• _WORK TO BE COMPLETED_
Tally the lines of the entries in which the string "ленты" occurs, and say only how many.

**** DATASET RECORDS ****

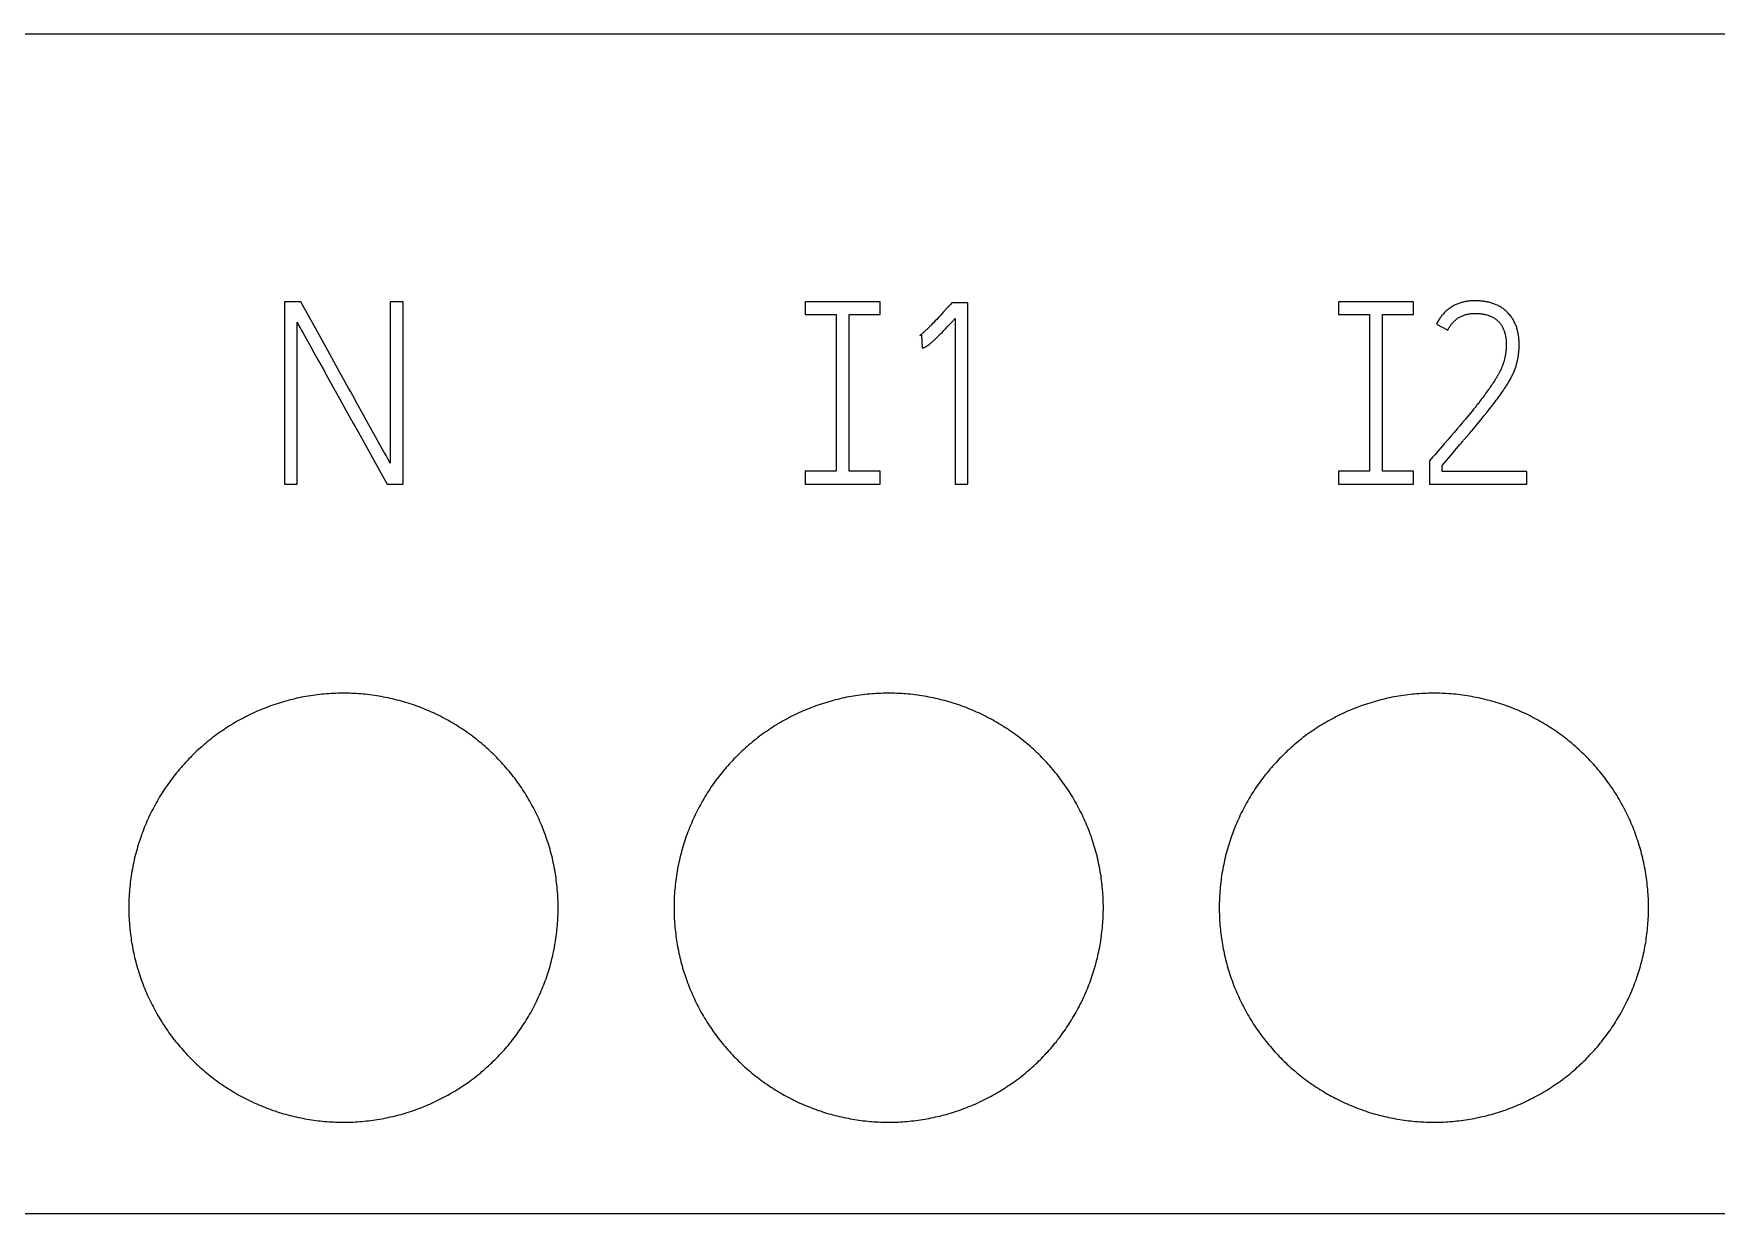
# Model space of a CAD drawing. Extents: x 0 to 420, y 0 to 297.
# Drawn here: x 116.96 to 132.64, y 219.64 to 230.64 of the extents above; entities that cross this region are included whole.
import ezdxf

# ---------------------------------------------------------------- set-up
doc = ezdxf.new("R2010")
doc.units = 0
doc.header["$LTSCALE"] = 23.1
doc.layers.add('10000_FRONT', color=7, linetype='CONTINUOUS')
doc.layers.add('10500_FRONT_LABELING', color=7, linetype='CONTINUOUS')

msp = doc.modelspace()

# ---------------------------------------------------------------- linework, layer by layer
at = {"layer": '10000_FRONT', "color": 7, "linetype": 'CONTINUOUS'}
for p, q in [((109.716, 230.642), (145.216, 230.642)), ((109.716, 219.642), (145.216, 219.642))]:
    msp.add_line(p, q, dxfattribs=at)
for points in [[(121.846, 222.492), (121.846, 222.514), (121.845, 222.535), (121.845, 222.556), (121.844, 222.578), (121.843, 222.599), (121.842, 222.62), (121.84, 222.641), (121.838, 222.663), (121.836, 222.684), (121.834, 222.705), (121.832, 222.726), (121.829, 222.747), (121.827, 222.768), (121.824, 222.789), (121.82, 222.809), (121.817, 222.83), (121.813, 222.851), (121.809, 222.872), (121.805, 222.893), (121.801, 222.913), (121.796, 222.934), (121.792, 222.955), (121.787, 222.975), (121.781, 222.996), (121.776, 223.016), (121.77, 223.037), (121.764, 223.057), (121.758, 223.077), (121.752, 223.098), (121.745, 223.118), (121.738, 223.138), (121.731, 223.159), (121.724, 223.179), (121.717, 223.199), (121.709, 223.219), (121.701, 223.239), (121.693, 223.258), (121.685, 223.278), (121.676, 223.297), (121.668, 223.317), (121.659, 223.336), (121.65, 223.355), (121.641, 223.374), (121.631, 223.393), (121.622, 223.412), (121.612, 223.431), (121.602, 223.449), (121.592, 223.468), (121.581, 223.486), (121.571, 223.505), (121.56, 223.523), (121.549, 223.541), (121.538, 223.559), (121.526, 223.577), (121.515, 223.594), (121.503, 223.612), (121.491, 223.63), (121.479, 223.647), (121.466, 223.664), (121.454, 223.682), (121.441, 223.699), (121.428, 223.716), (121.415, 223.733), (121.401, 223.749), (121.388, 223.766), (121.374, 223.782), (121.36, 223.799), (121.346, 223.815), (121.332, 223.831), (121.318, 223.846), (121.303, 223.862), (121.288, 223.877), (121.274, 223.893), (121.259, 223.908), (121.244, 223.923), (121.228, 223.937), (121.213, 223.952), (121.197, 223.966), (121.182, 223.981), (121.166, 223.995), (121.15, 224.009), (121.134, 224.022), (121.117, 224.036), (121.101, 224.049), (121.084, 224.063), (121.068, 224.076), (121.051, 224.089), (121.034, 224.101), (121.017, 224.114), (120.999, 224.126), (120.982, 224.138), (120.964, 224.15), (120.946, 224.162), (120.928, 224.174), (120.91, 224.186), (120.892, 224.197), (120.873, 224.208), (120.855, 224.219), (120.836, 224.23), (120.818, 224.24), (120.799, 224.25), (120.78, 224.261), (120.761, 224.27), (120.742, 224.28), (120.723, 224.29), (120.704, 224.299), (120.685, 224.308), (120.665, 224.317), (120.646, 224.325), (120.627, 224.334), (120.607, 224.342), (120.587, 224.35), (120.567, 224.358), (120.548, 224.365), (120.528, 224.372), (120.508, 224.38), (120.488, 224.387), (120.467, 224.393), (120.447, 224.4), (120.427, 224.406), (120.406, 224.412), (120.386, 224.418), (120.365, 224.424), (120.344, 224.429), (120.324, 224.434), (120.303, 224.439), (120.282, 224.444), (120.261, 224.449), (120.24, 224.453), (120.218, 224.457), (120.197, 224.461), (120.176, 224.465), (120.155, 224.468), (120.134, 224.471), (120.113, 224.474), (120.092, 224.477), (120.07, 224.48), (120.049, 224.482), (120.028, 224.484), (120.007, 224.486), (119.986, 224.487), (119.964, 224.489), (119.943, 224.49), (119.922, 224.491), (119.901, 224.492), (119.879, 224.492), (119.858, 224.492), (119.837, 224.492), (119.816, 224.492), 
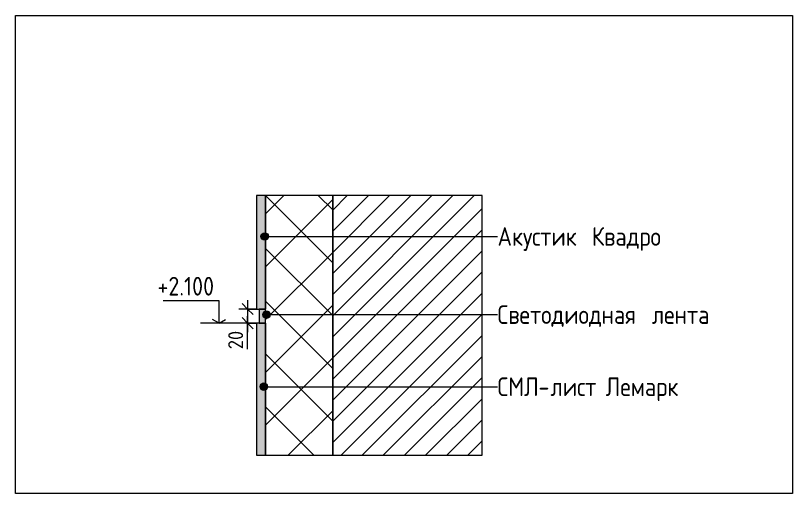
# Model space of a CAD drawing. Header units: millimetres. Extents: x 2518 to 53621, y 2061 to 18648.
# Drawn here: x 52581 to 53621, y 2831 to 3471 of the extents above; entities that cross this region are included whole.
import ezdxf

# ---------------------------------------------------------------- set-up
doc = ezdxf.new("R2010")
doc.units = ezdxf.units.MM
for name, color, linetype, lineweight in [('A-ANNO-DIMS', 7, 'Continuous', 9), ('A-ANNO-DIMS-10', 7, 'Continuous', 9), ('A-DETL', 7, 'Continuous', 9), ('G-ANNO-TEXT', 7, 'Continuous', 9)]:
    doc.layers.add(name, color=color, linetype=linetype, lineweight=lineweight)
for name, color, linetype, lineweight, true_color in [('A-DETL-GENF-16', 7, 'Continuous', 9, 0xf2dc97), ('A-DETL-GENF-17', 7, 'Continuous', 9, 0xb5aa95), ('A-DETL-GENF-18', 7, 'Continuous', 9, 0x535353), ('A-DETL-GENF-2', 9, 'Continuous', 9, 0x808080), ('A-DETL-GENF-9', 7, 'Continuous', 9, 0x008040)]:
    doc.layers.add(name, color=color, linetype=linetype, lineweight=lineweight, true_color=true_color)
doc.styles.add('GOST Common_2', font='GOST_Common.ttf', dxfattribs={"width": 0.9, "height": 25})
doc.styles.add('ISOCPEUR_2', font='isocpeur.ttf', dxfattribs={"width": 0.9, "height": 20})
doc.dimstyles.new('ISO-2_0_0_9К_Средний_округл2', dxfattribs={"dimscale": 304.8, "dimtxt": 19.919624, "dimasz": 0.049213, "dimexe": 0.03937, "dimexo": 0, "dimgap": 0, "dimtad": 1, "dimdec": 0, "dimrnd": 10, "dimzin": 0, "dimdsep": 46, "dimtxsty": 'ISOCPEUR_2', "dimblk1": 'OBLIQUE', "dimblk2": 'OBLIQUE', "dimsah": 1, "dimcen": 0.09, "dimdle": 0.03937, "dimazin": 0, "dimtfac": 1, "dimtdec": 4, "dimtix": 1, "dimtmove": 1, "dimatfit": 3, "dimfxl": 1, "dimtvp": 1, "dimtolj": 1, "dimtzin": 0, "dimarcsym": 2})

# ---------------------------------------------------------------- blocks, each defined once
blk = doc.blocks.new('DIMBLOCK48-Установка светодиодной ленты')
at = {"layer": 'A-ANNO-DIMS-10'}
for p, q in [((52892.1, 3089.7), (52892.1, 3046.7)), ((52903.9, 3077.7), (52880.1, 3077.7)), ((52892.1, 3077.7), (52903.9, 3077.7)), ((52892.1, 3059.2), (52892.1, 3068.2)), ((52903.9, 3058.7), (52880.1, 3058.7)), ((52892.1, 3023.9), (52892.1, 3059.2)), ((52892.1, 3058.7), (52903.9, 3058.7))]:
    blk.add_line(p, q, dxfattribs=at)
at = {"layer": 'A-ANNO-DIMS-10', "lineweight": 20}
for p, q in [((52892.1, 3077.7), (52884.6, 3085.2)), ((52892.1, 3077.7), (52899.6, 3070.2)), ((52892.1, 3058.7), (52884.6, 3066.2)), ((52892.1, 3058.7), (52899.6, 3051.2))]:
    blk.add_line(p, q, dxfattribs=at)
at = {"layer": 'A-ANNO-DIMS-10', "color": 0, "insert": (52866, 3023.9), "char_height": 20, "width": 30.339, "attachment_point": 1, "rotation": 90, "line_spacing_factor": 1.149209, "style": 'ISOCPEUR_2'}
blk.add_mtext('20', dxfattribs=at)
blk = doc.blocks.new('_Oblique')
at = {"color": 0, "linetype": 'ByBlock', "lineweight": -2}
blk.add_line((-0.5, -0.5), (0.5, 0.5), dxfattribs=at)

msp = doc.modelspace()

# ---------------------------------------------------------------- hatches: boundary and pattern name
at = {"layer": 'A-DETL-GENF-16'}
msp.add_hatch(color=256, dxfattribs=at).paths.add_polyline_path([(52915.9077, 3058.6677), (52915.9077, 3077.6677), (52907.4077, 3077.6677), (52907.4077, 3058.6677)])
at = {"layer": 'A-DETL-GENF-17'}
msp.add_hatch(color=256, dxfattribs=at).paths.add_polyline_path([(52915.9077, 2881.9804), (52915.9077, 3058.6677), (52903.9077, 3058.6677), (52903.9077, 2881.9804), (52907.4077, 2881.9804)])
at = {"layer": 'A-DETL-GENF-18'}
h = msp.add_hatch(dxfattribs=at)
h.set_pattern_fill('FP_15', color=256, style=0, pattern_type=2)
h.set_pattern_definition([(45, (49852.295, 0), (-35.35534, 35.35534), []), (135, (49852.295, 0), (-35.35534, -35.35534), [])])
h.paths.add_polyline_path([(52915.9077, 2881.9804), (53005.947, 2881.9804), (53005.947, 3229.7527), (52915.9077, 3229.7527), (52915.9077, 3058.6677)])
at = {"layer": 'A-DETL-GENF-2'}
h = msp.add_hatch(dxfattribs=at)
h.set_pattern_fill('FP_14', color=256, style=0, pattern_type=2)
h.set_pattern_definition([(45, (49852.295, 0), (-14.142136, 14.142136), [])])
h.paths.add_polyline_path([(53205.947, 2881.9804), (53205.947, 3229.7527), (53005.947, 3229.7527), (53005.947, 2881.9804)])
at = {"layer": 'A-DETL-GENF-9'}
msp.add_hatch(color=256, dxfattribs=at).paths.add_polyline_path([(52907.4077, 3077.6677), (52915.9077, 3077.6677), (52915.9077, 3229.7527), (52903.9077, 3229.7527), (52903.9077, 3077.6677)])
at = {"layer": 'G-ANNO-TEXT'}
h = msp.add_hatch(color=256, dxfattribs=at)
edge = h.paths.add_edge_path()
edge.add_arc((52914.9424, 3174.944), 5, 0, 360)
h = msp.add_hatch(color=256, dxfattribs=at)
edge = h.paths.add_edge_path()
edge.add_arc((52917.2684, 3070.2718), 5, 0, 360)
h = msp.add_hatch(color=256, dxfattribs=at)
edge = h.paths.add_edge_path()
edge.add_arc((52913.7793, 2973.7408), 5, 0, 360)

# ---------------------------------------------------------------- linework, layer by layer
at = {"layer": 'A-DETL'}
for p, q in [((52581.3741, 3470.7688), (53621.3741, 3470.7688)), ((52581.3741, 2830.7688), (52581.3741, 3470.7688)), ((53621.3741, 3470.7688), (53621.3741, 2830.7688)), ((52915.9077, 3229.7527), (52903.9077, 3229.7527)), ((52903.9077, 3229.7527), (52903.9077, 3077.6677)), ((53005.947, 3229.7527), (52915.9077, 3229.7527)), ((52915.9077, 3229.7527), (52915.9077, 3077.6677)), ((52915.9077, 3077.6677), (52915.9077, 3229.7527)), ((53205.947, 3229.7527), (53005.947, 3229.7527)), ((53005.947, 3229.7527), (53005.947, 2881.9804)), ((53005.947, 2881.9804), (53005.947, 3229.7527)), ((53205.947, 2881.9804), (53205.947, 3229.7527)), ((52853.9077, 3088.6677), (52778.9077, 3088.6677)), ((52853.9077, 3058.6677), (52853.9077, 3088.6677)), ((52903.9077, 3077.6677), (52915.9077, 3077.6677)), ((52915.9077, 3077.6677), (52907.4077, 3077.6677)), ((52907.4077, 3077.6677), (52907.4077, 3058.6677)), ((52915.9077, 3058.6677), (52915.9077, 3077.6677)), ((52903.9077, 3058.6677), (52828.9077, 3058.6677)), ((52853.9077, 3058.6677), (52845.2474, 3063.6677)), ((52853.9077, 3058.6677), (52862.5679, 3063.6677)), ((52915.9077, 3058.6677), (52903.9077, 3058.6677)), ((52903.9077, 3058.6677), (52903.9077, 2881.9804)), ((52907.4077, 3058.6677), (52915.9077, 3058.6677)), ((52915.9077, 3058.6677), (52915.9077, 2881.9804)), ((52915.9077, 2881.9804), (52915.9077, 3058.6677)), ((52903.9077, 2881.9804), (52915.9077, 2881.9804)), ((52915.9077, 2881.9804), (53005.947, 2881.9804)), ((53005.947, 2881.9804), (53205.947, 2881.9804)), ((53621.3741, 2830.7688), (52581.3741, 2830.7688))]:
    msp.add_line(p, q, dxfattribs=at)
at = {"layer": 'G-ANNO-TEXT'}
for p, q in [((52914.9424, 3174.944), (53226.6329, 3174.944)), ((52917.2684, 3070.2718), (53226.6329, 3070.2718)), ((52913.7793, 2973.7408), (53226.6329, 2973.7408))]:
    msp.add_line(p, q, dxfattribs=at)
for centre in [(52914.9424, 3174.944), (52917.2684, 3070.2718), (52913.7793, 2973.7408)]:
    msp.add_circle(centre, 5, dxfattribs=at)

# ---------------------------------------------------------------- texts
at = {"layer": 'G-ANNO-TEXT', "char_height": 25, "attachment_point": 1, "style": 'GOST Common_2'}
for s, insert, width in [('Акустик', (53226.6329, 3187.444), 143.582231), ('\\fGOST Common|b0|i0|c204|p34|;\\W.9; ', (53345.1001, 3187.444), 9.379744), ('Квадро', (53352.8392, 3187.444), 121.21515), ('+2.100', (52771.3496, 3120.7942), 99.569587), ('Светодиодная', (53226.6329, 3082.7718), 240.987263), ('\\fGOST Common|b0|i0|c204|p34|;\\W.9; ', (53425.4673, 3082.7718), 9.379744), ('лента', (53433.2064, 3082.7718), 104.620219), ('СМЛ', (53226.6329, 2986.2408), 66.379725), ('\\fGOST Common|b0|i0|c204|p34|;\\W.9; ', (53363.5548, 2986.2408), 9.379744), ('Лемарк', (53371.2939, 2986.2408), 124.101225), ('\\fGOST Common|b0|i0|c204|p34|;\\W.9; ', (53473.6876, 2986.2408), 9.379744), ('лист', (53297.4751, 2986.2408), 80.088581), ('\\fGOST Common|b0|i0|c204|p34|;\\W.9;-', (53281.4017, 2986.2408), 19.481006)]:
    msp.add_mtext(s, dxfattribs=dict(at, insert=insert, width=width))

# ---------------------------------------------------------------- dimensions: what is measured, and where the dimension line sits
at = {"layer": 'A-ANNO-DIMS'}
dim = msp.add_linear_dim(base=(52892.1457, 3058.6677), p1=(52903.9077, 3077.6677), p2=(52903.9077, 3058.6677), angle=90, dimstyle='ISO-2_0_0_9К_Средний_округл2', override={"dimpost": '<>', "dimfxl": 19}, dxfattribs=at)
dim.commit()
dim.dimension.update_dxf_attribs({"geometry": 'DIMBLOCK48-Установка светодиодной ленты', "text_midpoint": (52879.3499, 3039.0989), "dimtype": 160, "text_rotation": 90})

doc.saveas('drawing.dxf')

****

• _OUTPUT FOR THIS EXERCISE_
2